Al London Metal Exchange la paura per il coronavirus ha fatto scivolare il rame ai minimi da due mesi, sotto 5.800 dollari per tonnellata, mentre il nickel è sceso a livelli che non si vedevano dall’estate scorsa. Non stupisce, visto che Pechino consuma metà del rame mondiale (importando oltre il 70% dei concentrati) e addirittura il 60% del nickel, usato nell’industria siderurgica e sempre più spesso nella produzione di batterie: due settori industriali in cui la Cina primeggia.

Il Paese consuma anche più di metà dell’acciaio mondiale, ma è anche il maggior produttore, con quasi un miliardo di tonnellate l’anno, che in gran parte finiscono all’estero. Se il coronavirus metterà un freno alle attività manifatturiere e alle costruzioni – com’è probabile che accada – l’export di acciaio dalla Cina, ovunque sotto accusa per dumping, rischia di crescere ulteriormente.

Un possibile rallentamento degli impianti siderurgici nel frattempo sta facendo crollare i prezzi del minerale di ferro: raggiungono la Cina due terzi delle esportazioni globali della materia prima

L’umore negativo sui mercati – che solo ieri si sono presi una pausa, dopo pesanti ribassi – deriva in gran parte dal timore di una frenata dell’economia. Nel 2019 la Cina ha registrato il tasso di crescita più basso da trent’anni, appena il 6,1%, e c’è la concreta possibilità di un ulteriore rallentamento, che potrebbe avere serie ripercussioni su scala planetaria.

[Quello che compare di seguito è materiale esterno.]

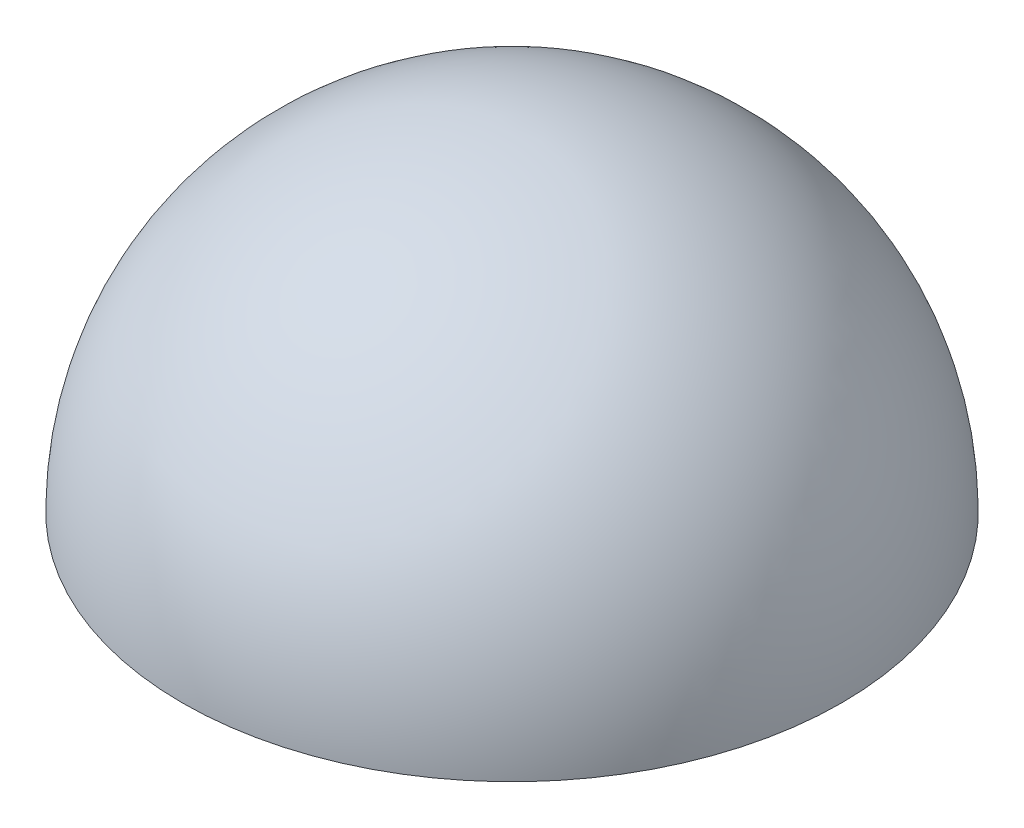
SolidWorks part; units mm, degrees
ref_plane "Front Plane" through (0, 0, 0) normal (0, 0, 1) x (1, 0, 0)
ref_plane "Top Plane" through (0, 0, 0) normal (0, 1, 0) x (1, 0, 0)
ref_plane "Right Plane" through (0, 0, 0) normal (1, 0, 0) x (0, 0, -1)
sketch "Sketch1" plane through (0, 0, 0) normal (0, 0, 1) x (1, 0, 0)
  line L0 (25.4, 0) -> (22.86, 0)
  line L2 (0, 22.86) -> (0, 25.4)
  arc A0 (25.4, 0) -> (0, 25.4) centre (0, 0) ccw
  arc A1 (22.86, 0) -> (0, 22.86) centre (0, 0) ccw
ref_axis "Axis2" through (0, 26.67, 0) along (0, -1, 0)
revolve "Revolve3" add sketch "Sketch1" angle 360 about axis through (0, 26.67, 0) along (0, -1, 0)
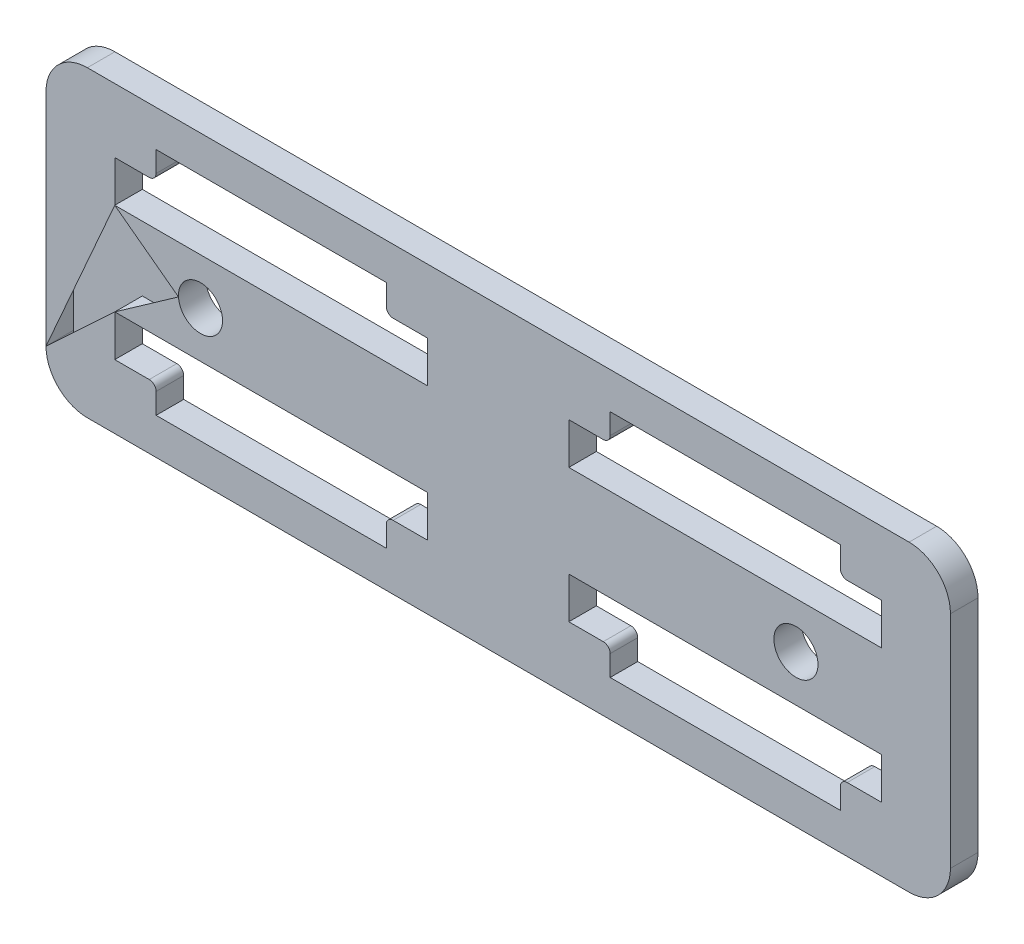
SolidWorks part; units mm, degrees
ref_plane "前视基准面" through (0, 0, 0) normal (0, 0, 1) x (1, 0, 0)
ref_plane "上视基准面" through (0, 0, 0) normal (0, 1, 0) x (1, 0, 0)
ref_plane "右视基准面" through (0, 0, 0) normal (1, 0, 0) x (0, 0, -1)
sketch "草图1" plane through (0, 0, 0) normal (0, 0, 1) x (1, 0, 0)
  line L0 (-29.8125, 11) -> (29.8125, 11)
  line L1 (32.8125, 8) -> (32.8125, -8)
  line L2 (29.8125, -11) -> (-29.8125, -11)
  line L3 (-24.823, 6.85) -> (-24.823, 8.35) construction
  line L4 (-27.823, -6.35) -> (-25.323, -6.35)
  line L5 (-27.823, -3.35) -> (-27.823, -6.35)
  line L6 (-5.123, -3.35) -> (-27.823, -3.35)
  line L7 (-5.123, -6.35) -> (-5.123, -3.35)
  line L8 (-7.623, -6.35) -> (-5.123, -6.35)
  line L9 (-8.123, -8.35) -> (-8.123, -6.85)
  line L10 (-24.823, -8.35) -> (-8.123, -8.35)
  line L11 (-24.823, -6.85) -> (-24.823, -8.35)
  line L12 (-8.123, 8.35) -> (-24.823, 8.35)
  line L13 (-8.123, 6.85) -> (-8.123, 8.35)
  line L14 (-5.123, 6.35) -> (-7.623, 6.35)
  line L15 (-5.123, 3.35) -> (-5.123, 6.35)
  line L16 (-27.823, 3.35) -> (-5.123, 3.35)
  line L17 (-27.823, 6.35) -> (-27.823, 3.35)
  line L18 (-25.323, 6.35) -> (-27.823, 6.35)
  line L19 (0, 11) -> (0, -11) construction
  line L20 (-32.8125, 8) -> (-32.8125, -8)
  line L21 (-24.823, 8.35) -> (-24.823, 6.85)
  line L37 (24.823, 6.85) -> (24.823, 8.35) construction
  line L38 (24.823, 8.35) -> (24.823, 6.85)
  line L39 (25.323, 6.35) -> (27.823, 6.35)
  line L40 (27.823, 6.35) -> (27.823, 3.35)
  line L41 (27.823, 3.35) -> (5.123, 3.35)
  line L42 (5.123, 3.35) -> (5.123, 6.35)
  line L43 (5.123, 6.35) -> (7.623, 6.35)
  line L44 (8.123, 6.85) -> (8.123, 8.35)
  line L45 (8.123, 8.35) -> (24.823, 8.35)
  line L46 (24.823, -6.85) -> (24.823, -8.35)
  line L47 (24.823, -8.35) -> (8.123, -8.35)
  line L48 (8.123, -8.35) -> (8.123, -6.85)
  line L49 (7.623, -6.35) -> (5.123, -6.35)
  line L50 (5.123, -6.35) -> (5.123, -3.35)
  line L51 (5.123, -3.35) -> (27.823, -3.35)
  line L52 (27.823, -3.35) -> (27.823, -6.35)
  line L53 (27.823, -6.35) -> (25.323, -6.35)
  circle A0 centre (-21.603, 0) radius 1.6
  arc A1 (-7.623, -6.35) -> (-8.123, -6.85) centre (-7.623, -6.85) ccw
  arc A2 (-24.823, -6.85) -> (-25.323, -6.35) centre (-25.323, -6.85) ccw
  arc A3 (-8.123, 6.85) -> (-7.623, 6.35) centre (-7.623, 6.85) ccw
  arc A4 (-25.323, 6.35) -> (-24.823, 6.85) centre (-25.323, 6.85) ccw
  arc A20 (32.8125, -8) -> (29.8125, -11) centre (29.8125, -8) cw
  arc A21 (-32.8125, -8) -> (-29.8125, -11) centre (-29.8125, -8) ccw
  arc A22 (29.8125, 11) -> (32.8125, 8) centre (29.8125, 8) cw
  arc A23 (-32.8125, 8) -> (-29.8125, 11) centre (-29.8125, 8) cw
  arc A24 (25.323, 6.35) -> (24.823, 6.85) centre (25.323, 6.85) cw
  arc A25 (8.123, 6.85) -> (7.623, 6.35) centre (7.623, 6.85) cw
  arc A26 (24.823, -6.85) -> (25.323, -6.35) centre (25.323, -6.85) cw
  arc A27 (7.623, -6.35) -> (8.123, -6.85) centre (7.623, -6.85) cw
  circle A28 centre (21.603, 0) radius 1.6
  point P81 (32.8125, -11)
  point P84 (-32.8125, -11)
  point P87 (32.8125, 11)
  point P90 (-32.8125, 11)
  dimension "D2" = 3
extrude "凸台-拉伸1" add sketch "草图1" along normal blind 2

Ai tempi della Sars, nel 2002-2003, la Cina aveva un peso economico pari a circa un quarto rispetto a oggi: rappresentava il 4,2% del Pil mondiale, contro il 15,8% del 2018 . E non aveva ancora la stessa fame di materie prime.

Da allora  i suoi consumi di petrolio sono più che raddoppiati, mentre il fabbisogno di semi di soia è cresciuto di oltre 7 volte con lo sviluppo degli allevamenti e oggi supera 100 milioni di tonnellate l’anno. Quanto ai metalli, nel 2002 Pechino assorbiva solo il 10-20% dell’offerta globale di rame, alluminio e nickel.

L’epidemia di coronavirus è scoppiata nel periodo del Capodanno lunare, quando tipicamente i consumi di materie prime della Cina si riducono. Ma se non ci sarà un rapido ritorno alla normalità, le pressioni sui prezzi potrebbero farsi ancora più intense.

«Le fabbriche sarebbero state comunque chiuse durante i festeggiamenti», osserva Schroders, ma «anche con la ripresa della produzione è possibile che non saranno in grado di mantenere lo stesso livello di output». Per ora le autorità hanno prolungato di soli tre giorni le ferie, ma alcune società per precauzione resteranno chiuse più a lungo. Altre non potranno essere raggiunte dai lavoratori, viste le limitazioni agli spostamenti e il numero crescente di città in quarantena.

Per i metalli non ferrosi, come il rame, «il mercato ha ragione a temere la portata dei costi economici», afferma Citigroup. «La domanda cinese si avvia davvero ad essere estremamente debole per le prossime 4-6 settimane». I consumi di metalli – che sembravano in ripresa, grazie all’espansione del credito e alla tregua sui dazi con gli Usa – rischiano di non risalire per 3-4 mesi, avverte la banca.

Anche sul petrolio l’impatto potrebbe essere pesante. Sulla base dell’esperienza della Sars, Goldman Sachs stima un taglio dei consumi di 260mila barili al giorno. S&P Global Platts Analytics avverte che potrebbe andare ben peggio: se il coronavirus è davvero come la Sars si perderebbero 700-800mila bg di domanda, più di metà della crescita attesa nel 2020.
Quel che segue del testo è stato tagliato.